There is some weak support for the idea that a catastrophe affected the inner Solar System 65 million years ago. Scientists who have run computer simulations of the history of the inner Solar System find that there was some kind of abrupt disruption to the orbital dynamics of the inner planets at that time.

This was also the time when the Yucatan was struck by a huge asteroid that killed off the dinosaurs. The theory that the Earth was hit by an asteroid followed from the discovery of a layer of asteroid derived iridium near the geological boundary - the KT boundary - where Earth suffered its mass extinction.

However, this iridium layer seems to have been laid down 300,000 years after the Yucatan asteroid impact. This suggests a second killer asteroid impact somewhere else on Earth in the same geological time frame. It is remarkable that two very rare impacts occurred so close together - and there may have been more than two.

Did an exploding planet fill the inner Solar System with killer debris in dangerous orbits - dooming the dinosaurs to extinction?

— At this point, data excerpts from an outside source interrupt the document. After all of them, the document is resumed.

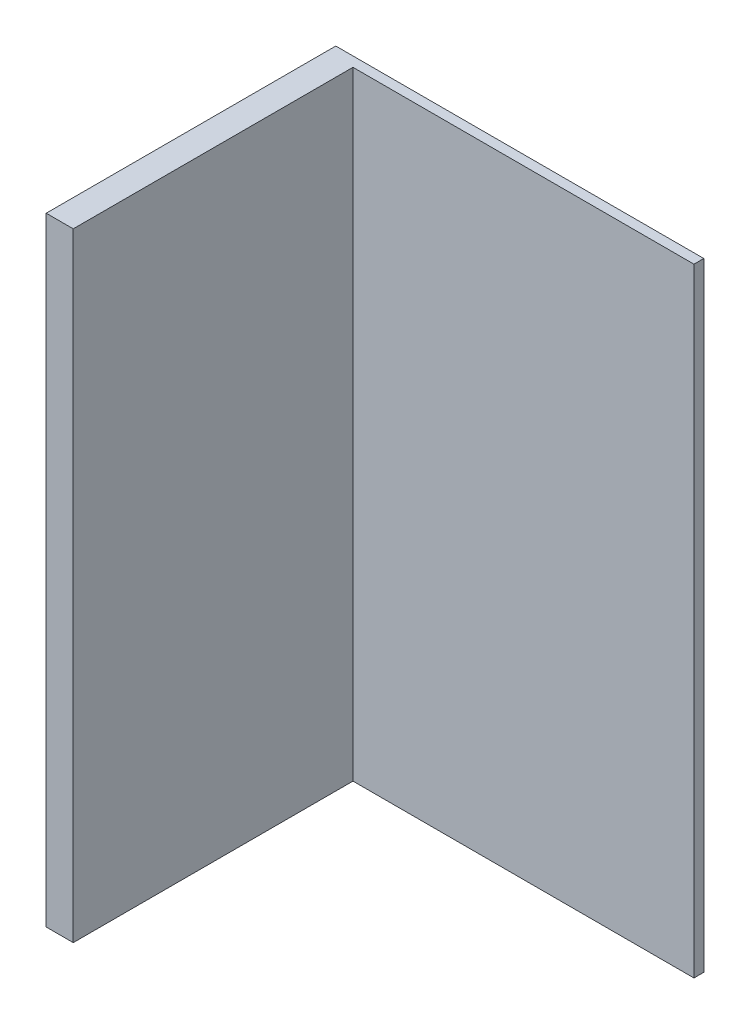
ISO-10303-21;
HEADER;
FILE_DESCRIPTION(('STEP AP214'),'2;1');
FILE_NAME('part.step','',(''),(''),'','','');
FILE_SCHEMA(('AUTOMOTIVE_DESIGN { 1 0 10303 214 1 1 1 1 }'));
ENDSEC;
DATA;
#1=APPLICATION_CONTEXT('core data for automotive mechanical design processes');
#2=APPLICATION_PROTOCOL_DEFINITION('international standard','automotive_design',2000,#1);
#3=PRODUCT_CONTEXT('',#1,'mechanical');
#4=PRODUCT('Part','Part','',(#3));
#5=PRODUCT_RELATED_PRODUCT_CATEGORY('part','',(#4));
#6=PRODUCT_DEFINITION_FORMATION('','',#4);
#7=PRODUCT_DEFINITION_CONTEXT('part definition',#1,'design');
#8=PRODUCT_DEFINITION('design','',#6,#7);
#9=PRODUCT_DEFINITION_SHAPE('','',#8);
#10=(LENGTH_UNIT() NAMED_UNIT(*) SI_UNIT(.MILLI.,.METRE.));
#11=(NAMED_UNIT(*) PLANE_ANGLE_UNIT() SI_UNIT($,.RADIAN.));
#12=(NAMED_UNIT(*) SI_UNIT($,.STERADIAN.) SOLID_ANGLE_UNIT());
#13=UNCERTAINTY_MEASURE_WITH_UNIT(LENGTH_MEASURE(1.E-05),#10,'distance_accuracy_value','');
#14=(GEOMETRIC_REPRESENTATION_CONTEXT(3) GLOBAL_UNCERTAINTY_ASSIGNED_CONTEXT((#13)) GLOBAL_UNIT_ASSIGNED_CONTEXT((#10,
#11,#12)) REPRESENTATION_CONTEXT('',''));
#15=CARTESIAN_POINT('',(0.,0.,0.));
#16=DIRECTION('',(0.,0.,1.));
#17=DIRECTION('',(1.,0.,0.));
#18=AXIS2_PLACEMENT_3D('',#15,#16,#17);
#19=CARTESIAN_POINT('',(-3.696,-1.6,0.));
#20=DIRECTION('',(0.,-1.,0.));
#21=DIRECTION('',(0.,0.,1.));
#22=AXIS2_PLACEMENT_3D('',#19,#20,#21);
#23=PLANE('',#22);
#24=DIRECTION('',(-1.,0.,0.));
#25=VECTOR('',#24,1.);
#26=CARTESIAN_POINT('',(-1.791,-1.6,0.));
#27=LINE('',#26,#25);
#28=CARTESIAN_POINT('',(-1.791,-1.6,0.));
#29=VERTEX_POINT('',#28);
#30=CARTESIAN_POINT('',(-3.696,-1.6,0.));
#31=VERTEX_POINT('',#30);
#32=EDGE_CURVE('E11',#29,#31,#27,.T.);
#33=ORIENTED_EDGE('',*,*,#32,.F.);
#34=DIRECTION('',(0.,0.,-1.));
#35=VECTOR('',#34,1.);
#36=CARTESIAN_POINT('',(-1.791,-1.6,0.051));
#37=LINE('',#36,#35);
#38=CARTESIAN_POINT('',(-1.791,-1.6,0.051));
#39=VERTEX_POINT('',#38);
#40=EDGE_CURVE('E24',#39,#29,#37,.T.);
#41=ORIENTED_EDGE('',*,*,#40,.F.);
#42=DIRECTION('',(1.,0.,0.));
#43=VECTOR('',#42,1.);
#44=CARTESIAN_POINT('',(-3.556,-1.6,0.051));
#45=LINE('',#44,#43);
#46=CARTESIAN_POINT('',(-3.556,-1.6,0.051));
#47=VERTEX_POINT('',#46);
#48=EDGE_CURVE('E87',#47,#39,#45,.T.);
#49=ORIENTED_EDGE('',*,*,#48,.F.);
#50=DIRECTION('',(0.,0.,-1.));
#51=VECTOR('',#50,1.);
#52=CARTESIAN_POINT('',(-3.556,-1.6,1.499));
#53=LINE('',#52,#51);
#54=CARTESIAN_POINT('',(-3.556,-1.6,1.499));
#55=VERTEX_POINT('',#54);
#56=EDGE_CURVE('E114',#55,#47,#53,.T.);
#57=ORIENTED_EDGE('',*,*,#56,.F.);
#58=DIRECTION('',(1.,0.,0.));
#59=VECTOR('',#58,1.);
#60=CARTESIAN_POINT('',(-3.696,-1.6,1.499));
#61=LINE('',#60,#59);
#62=CARTESIAN_POINT('',(-3.696,-1.6,1.499));
#63=VERTEX_POINT('',#62);
#64=EDGE_CURVE('E111',#63,#55,#61,.T.);
#65=ORIENTED_EDGE('',*,*,#64,.F.);
#66=DIRECTION('',(0.,0.,1.));
#67=VECTOR('',#66,1.);
#68=CARTESIAN_POINT('',(-3.696,-1.6,0.));
#69=LINE('',#68,#67);
#70=EDGE_CURVE('E108',#31,#63,#69,.T.);
#71=ORIENTED_EDGE('',*,*,#70,.F.);
#72=EDGE_LOOP('',(#33,#41,#49,#57,#65,#71));
#73=FACE_BOUND('',#72,.T.);
#74=ADVANCED_FACE('F17',(#73),#23,.T.);
#75=CARTESIAN_POINT('',(-1.791,1.6,0.));
#76=DIRECTION('',(0.,1.,0.));
#77=DIRECTION('',(0.,0.,1.));
#78=AXIS2_PLACEMENT_3D('',#75,#76,#77);
#79=PLANE('',#78);
#80=DIRECTION('',(1.,0.,0.));
#81=VECTOR('',#80,1.);
#82=CARTESIAN_POINT('',(-3.696,1.6,0.));
#83=LINE('',#82,#81);
#84=CARTESIAN_POINT('',(-3.696,1.6,0.));
#85=VERTEX_POINT('',#84);
#86=CARTESIAN_POINT('',(-1.791,1.6,0.));
#87=VERTEX_POINT('',#86);
#88=EDGE_CURVE('E106',#85,#87,#83,.T.);
#89=ORIENTED_EDGE('',*,*,#88,.F.);
#90=DIRECTION('',(0.,0.,-1.));
#91=VECTOR('',#90,1.);
#92=CARTESIAN_POINT('',(-3.696,1.6,1.499));
#93=LINE('',#92,#91);
#94=CARTESIAN_POINT('',(-3.696,1.6,1.499));
#95=VERTEX_POINT('',#94);
#96=EDGE_CURVE('E103',#95,#85,#93,.T.);
#97=ORIENTED_EDGE('',*,*,#96,.F.);
#98=DIRECTION('',(-1.,0.,0.));
#99=VECTOR('',#98,1.);
#100=CARTESIAN_POINT('',(-3.556,1.6,1.499));
#101=LINE('',#100,#99);
#102=CARTESIAN_POINT('',(-3.556,1.6,1.499));
#103=VERTEX_POINT('',#102);
#104=EDGE_CURVE('E100',#103,#95,#101,.T.);
#105=ORIENTED_EDGE('',*,*,#104,.F.);
#106=DIRECTION('',(0.,0.,1.));
#107=VECTOR('',#106,1.);
#108=CARTESIAN_POINT('',(-3.556,1.6,0.051));
#109=LINE('',#108,#107);
#110=CARTESIAN_POINT('',(-3.556,1.6,0.051));
#111=VERTEX_POINT('',#110);
#112=EDGE_CURVE('E72',#111,#103,#109,.T.);
#113=ORIENTED_EDGE('',*,*,#112,.F.);
#114=DIRECTION('',(-1.,0.,0.));
#115=VECTOR('',#114,1.);
#116=CARTESIAN_POINT('',(-1.791,1.6,0.051));
#117=LINE('',#116,#115);
#118=CARTESIAN_POINT('',(-1.791,1.6,0.051));
#119=VERTEX_POINT('',#118);
#120=EDGE_CURVE('E66',#119,#111,#117,.T.);
#121=ORIENTED_EDGE('',*,*,#120,.F.);
#122=DIRECTION('',(0.,0.,1.));
#123=VECTOR('',#122,1.);
#124=CARTESIAN_POINT('',(-1.791,1.6,0.));
#125=LINE('',#124,#123);
#126=EDGE_CURVE('E69',#87,#119,#125,.T.);
#127=ORIENTED_EDGE('',*,*,#126,.F.);
#128=EDGE_LOOP('',(#89,#97,#105,#113,#121,#127));
#129=FACE_BOUND('',#128,.T.);
#130=ADVANCED_FACE('F68',(#129),#79,.T.);
#131=CARTESIAN_POINT('',(-3.696,-1.6,1.499));
#132=DIRECTION('',(0.,0.,1.));
#133=DIRECTION('',(0.,1.,0.));
#134=AXIS2_PLACEMENT_3D('',#131,#132,#133);
#135=PLANE('',#134);
#136=ORIENTED_EDGE('',*,*,#64,.T.);
#137=DIRECTION('',(0.,-1.,0.));
#138=VECTOR('',#137,1.);
#139=CARTESIAN_POINT('',(-3.556,1.6,1.499));
#140=LINE('',#139,#138);
#141=EDGE_CURVE('E83',#103,#55,#140,.T.);
#142=ORIENTED_EDGE('',*,*,#141,.F.);
#143=ORIENTED_EDGE('',*,*,#104,.T.);
#144=DIRECTION('',(0.,1.,0.));
#145=VECTOR('',#144,1.);
#146=CARTESIAN_POINT('',(-3.696,-1.6,1.499));
#147=LINE('',#146,#145);
#148=EDGE_CURVE('E88',#63,#95,#147,.T.);
#149=ORIENTED_EDGE('',*,*,#148,.F.);
#150=EDGE_LOOP('',(#136,#142,#143,#149));
#151=FACE_BOUND('',#150,.T.);
#152=ADVANCED_FACE('F125',(#151),#135,.T.);
#153=CARTESIAN_POINT('',(-3.556,-1.6,0.051));
#154=DIRECTION('',(0.,0.,1.));
#155=DIRECTION('',(0.,1.,0.));
#156=AXIS2_PLACEMENT_3D('',#153,#154,#155);
#157=PLANE('',#156);
#158=ORIENTED_EDGE('',*,*,#48,.T.);
#159=DIRECTION('',(0.,-1.,0.));
#160=VECTOR('',#159,1.);
#161=CARTESIAN_POINT('',(-1.791,1.6,0.051));
#162=LINE('',#161,#160);
#163=EDGE_CURVE('E81',#119,#39,#162,.T.);
#164=ORIENTED_EDGE('',*,*,#163,.F.);
#165=ORIENTED_EDGE('',*,*,#120,.T.);
#166=DIRECTION('',(0.,1.,0.));
#167=VECTOR('',#166,1.);
#168=CARTESIAN_POINT('',(-3.556,-1.6,0.051));
#169=LINE('',#168,#167);
#170=EDGE_CURVE('E89',#47,#111,#169,.T.);
#171=ORIENTED_EDGE('',*,*,#170,.F.);
#172=EDGE_LOOP('',(#158,#164,#165,#171));
#173=FACE_BOUND('',#172,.T.);
#174=ADVANCED_FACE('F86',(#173),#157,.T.);
#175=CARTESIAN_POINT('',(-3.696,1.6,0.));
#176=DIRECTION('',(-1.,0.,0.));
#177=DIRECTION('',(0.,0.,1.));
#178=AXIS2_PLACEMENT_3D('',#175,#176,#177);
#179=PLANE('',#178);
#180=DIRECTION('',(0.,1.,0.));
#181=VECTOR('',#180,1.);
#182=CARTESIAN_POINT('',(-3.696,-1.6,0.));
#183=LINE('',#182,#181);
#184=EDGE_CURVE('E93',#31,#85,#183,.T.);
#185=ORIENTED_EDGE('',*,*,#184,.F.);
#186=ORIENTED_EDGE('',*,*,#70,.T.);
#187=ORIENTED_EDGE('',*,*,#148,.T.);
#188=ORIENTED_EDGE('',*,*,#96,.T.);
#189=EDGE_LOOP('',(#185,#186,#187,#188));
#190=FACE_BOUND('',#189,.T.);
#191=ADVANCED_FACE('F121',(#190),#179,.T.);
#192=CARTESIAN_POINT('',(-1.791,-1.6,0.));
#193=DIRECTION('',(1.,0.,0.));
#194=DIRECTION('',(0.,0.,1.));
#195=AXIS2_PLACEMENT_3D('',#192,#193,#194);
#196=PLANE('',#195);
#197=DIRECTION('',(0.,-1.,0.));
#198=VECTOR('',#197,1.);
#199=CARTESIAN_POINT('',(-1.791,1.6,0.));
#200=LINE('',#199,#198);
#201=EDGE_CURVE('E82',#87,#29,#200,.T.);
#202=ORIENTED_EDGE('',*,*,#201,.F.);
#203=ORIENTED_EDGE('',*,*,#126,.T.);
#204=ORIENTED_EDGE('',*,*,#163,.T.);
#205=ORIENTED_EDGE('',*,*,#40,.T.);
#206=EDGE_LOOP('',(#202,#203,#204,#205));
#207=FACE_BOUND('',#206,.T.);
#208=ADVANCED_FACE('F80',(#207),#196,.T.);
#209=CARTESIAN_POINT('',(-3.556,-1.6,0.051));
#210=DIRECTION('',(1.,0.,0.));
#211=DIRECTION('',(0.,0.,1.));
#212=AXIS2_PLACEMENT_3D('',#209,#210,#211);
#213=PLANE('',#212);
#214=ORIENTED_EDGE('',*,*,#170,.T.);
#215=ORIENTED_EDGE('',*,*,#112,.T.);
#216=ORIENTED_EDGE('',*,*,#141,.T.);
#217=ORIENTED_EDGE('',*,*,#56,.T.);
#218=EDGE_LOOP('',(#214,#215,#216,#217));
#219=FACE_BOUND('',#218,.T.);
#220=ADVANCED_FACE('F127',(#219),#213,.T.);
#221=CARTESIAN_POINT('',(-3.696,1.6,0.));
#222=DIRECTION('',(0.,0.,-1.));
#223=DIRECTION('',(0.,1.,0.));
#224=AXIS2_PLACEMENT_3D('',#221,#222,#223);
#225=PLANE('',#224);
#226=ORIENTED_EDGE('',*,*,#88,.T.);
#227=ORIENTED_EDGE('',*,*,#201,.T.);
#228=ORIENTED_EDGE('',*,*,#32,.T.);
#229=ORIENTED_EDGE('',*,*,#184,.T.);
#230=EDGE_LOOP('',(#226,#227,#228,#229));
#231=FACE_BOUND('',#230,.T.);
#232=ADVANCED_FACE('F117',(#231),#225,.T.);
#233=CLOSED_SHELL('',(#74,#130,#152,#174,#191,#208,#220,#232));
#234=MANIFOLD_SOLID_BREP('B1',#233);
#235=ADVANCED_BREP_SHAPE_REPRESENTATION('',(#18,#234),#14);
#236=SHAPE_DEFINITION_REPRESENTATION(#9,#235);
ENDSEC;
END-ISO-10303-21;

Some scientists think that the Shiva Formation off the coast of India is the crater of the second "dinosaur killing" asteroid impact. (Click the following "stargate" to read an article about the Shiva impact theory µµµ).

Under the current theories for Mars 65 million years ago is too recent for the planet to have still had an ocean. This undermines the scenario that Ariadnes Colles was buried under tsunami deposited mud. One possibility is that we have it completely wrong - and that Mars was still naturally wet up until some disaster in the inner Solar System as recently as 65 million years in the past.

A second possibility is that not only was Mars colonised by an advanced civilisation, but that they terraformed the planet to bring back its seas and atmosphere. (See the following to read how Mars might be made more Earth-like, µµµ). If we were to terraform Mars, then it would look something like the image below.

Today there is an incredible amount of free water locked up in Mars' crust, according to information gathered by the sensing equipment on Mars probes. There is at least enough to cover the whole surface of Mars in fifteen feet of water. So a third possibility is that any catastrophe that sent Mars tumbling caused such stresses in the crust that liquefaction occurred. Water and liquid mud would just simply gush out of the ground and flood over everything.

Near the beginning of this discussion it was suggested that the possible ruins at Cydonia did not appear to have been affected by the disaster scenario proposed for Ariadnes Colles. If both sets of anomalies really are artificial, then Ariadnes Colles is probably pre-apocalypse - and Cydonia post-apocalypse. A scenario is therefore possible were each set of ruins was built millions of years apart, by entirely different civilisations, and by entirely different species.